Sometimes we have a funny relationship with our profession. Occasionally under attack, we feel the need to defend ourselves and then get forced into silly positions.
Marketing treats us all as consumers – we ask people to pay a price and receive goods or services in exchange
Sometimes we seem to assume that if marketing is good, it must be good for everything, and, conversely, if we concede there are areas where marketing is inappropriate, then we feel we are somehow admitting it is always and inherently inappropriate.
This is nonsense and has been exposed as such by the election campaign, now drawing to a close. During the campaign, we have seen plenty of articles and coverage that referred to the parties as ‘brands’ and encouraged the leaders to adopt marketing thinking to win more votes.

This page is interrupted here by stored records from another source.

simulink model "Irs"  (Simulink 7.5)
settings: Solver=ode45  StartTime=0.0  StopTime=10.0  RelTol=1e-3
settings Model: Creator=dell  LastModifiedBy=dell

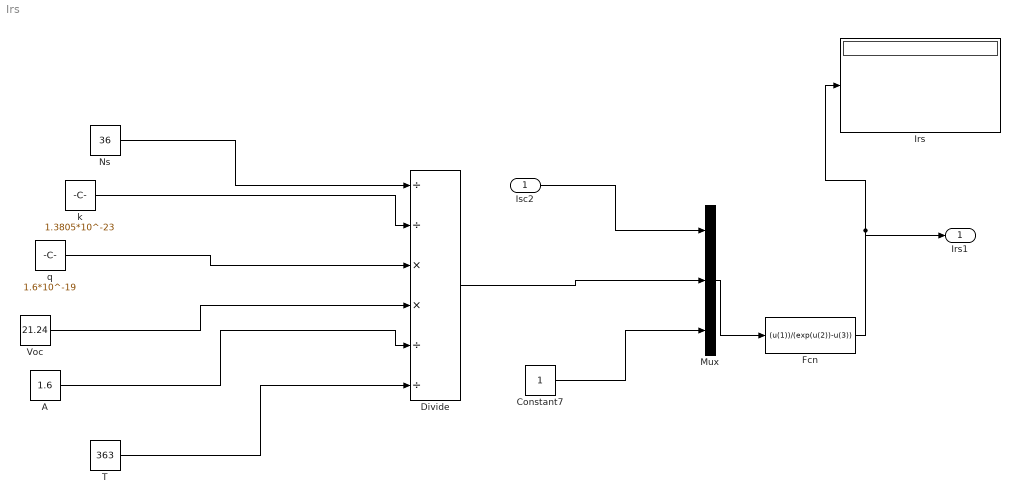
== system Irs ==
  Isc2 : Inport  OutDataType=fixdt(1, 16)  OutScaling=2^0
  A : Constant  Value=1.6  OutDataType=fixdt(1, 16)  OutScaling=2^0
  Constant7 : Constant  OutDataType=fixdt(1, 16)  OutScaling=2^0
  Divide : Product  Inputs=//**//  OutDataType=fixdt(1, 16)  OutScaling=2^-10
  Fcn : Fcn  Expr=(u(1))/(exp(u(2))-u(3))
  Irs : Display
      settings: Format=short_e
  Mux : Mux  Inputs=3
  Ns : Constant  Value=36  OutDataType=fixdt(1, 16)  OutScaling=2^0
  T : Constant  Value=363  OutDataType=fixdt(1, 16)  OutScaling=2^0
  Voc : Constant  Value=21.24  OutDataType=fixdt(1, 16)  OutScaling=2^0
  k : Constant  Value=1.3805*10^-23  OutDataType=fixdt(1, 16)  OutScaling=2^0
  q : Constant  Value=1.6*10^-19  OutDataType=fixdt(1, 16)  OutScaling=2^0
  Irs1 : Outport  OutDataType=fixdt(1, 16)  OutScaling=2^0
  wires:
  Ns/1 -> Divide/1
  k/1 -> Divide/2
  q/1 -> Divide/3
  Voc/1 -> Divide/4
  A/1 -> Divide/5
  T/1 -> Divide/6
  Isc2/1 -> Mux/1
  Divide/1 -> Mux/2
  Mux/1 -> Fcn/1
  Fcn/1 -> Irs/1, Irs1/1
  Constant7/1 -> Mux/3

And worse than that, the parties and their leaders seem to have wholeheartedly accepted this advice.
But choosing a government and the future direction of the country is somewhere that marketing has no place, as it encourages a range of dysfunctional behaviours that are not in our long-term interests.
Party, policies, promises and pledges
Marketing likes to simplify – we find USPs and condense our brands’ benefits to unambiguous concepts. But in an election, this encourages the parties to over-simplify complex issues.
Marketing likes slogans and gestures – we try to place simple, single ideas in the heads of our audience. But this has led our would-be leaders to talk in soundbites, about their "long-term economic plan" or "working people", rather than answering questions and sharing ideas.
Marketing likes slogans and gestures – we try to place simple, single ideas in the heads of our audience
Marketing treats us all as consumers – we ask people to pay a price and receive goods or services in exchange. But applied to politics, this makes the process of voting entirely selfish and transactional, whether you’re thinking about whether you will get a tax cut or a benefit payment.
Instead of being engaged as interdependent citizens, capable of having a grown-up conversation about the choices that face us, we are treated as consumers, with marketing campaigns encouraging us to grab this giveaway or that concession.
Distorted politics
We have accepted this idea for so long that many of you will already be internally tutting at me for being naïve or utopian, for even imagining that things should change or that people could treat politics any differently from the way they treat buying a new car or a chocolate bar.
But it is possible. Heated and partisan at times, the Scottish referendum campaign rekindled public debate about complex issues in town halls up and down the country. It had a lot to do with citizenship, very little to do with consumerism and nothing to do with marketing.
Marketing is fantastic for selling products and services, for building the intangible value that helps increase profits and for getting the customers’ voice at the heart of businesses. But it distorts and degrades politics.
Sometimes we need to be customers, sometimes we need to be citizens, they both have value, they both have their place. In our desire to promote marketing as a discipline, let’s not get them mixed up.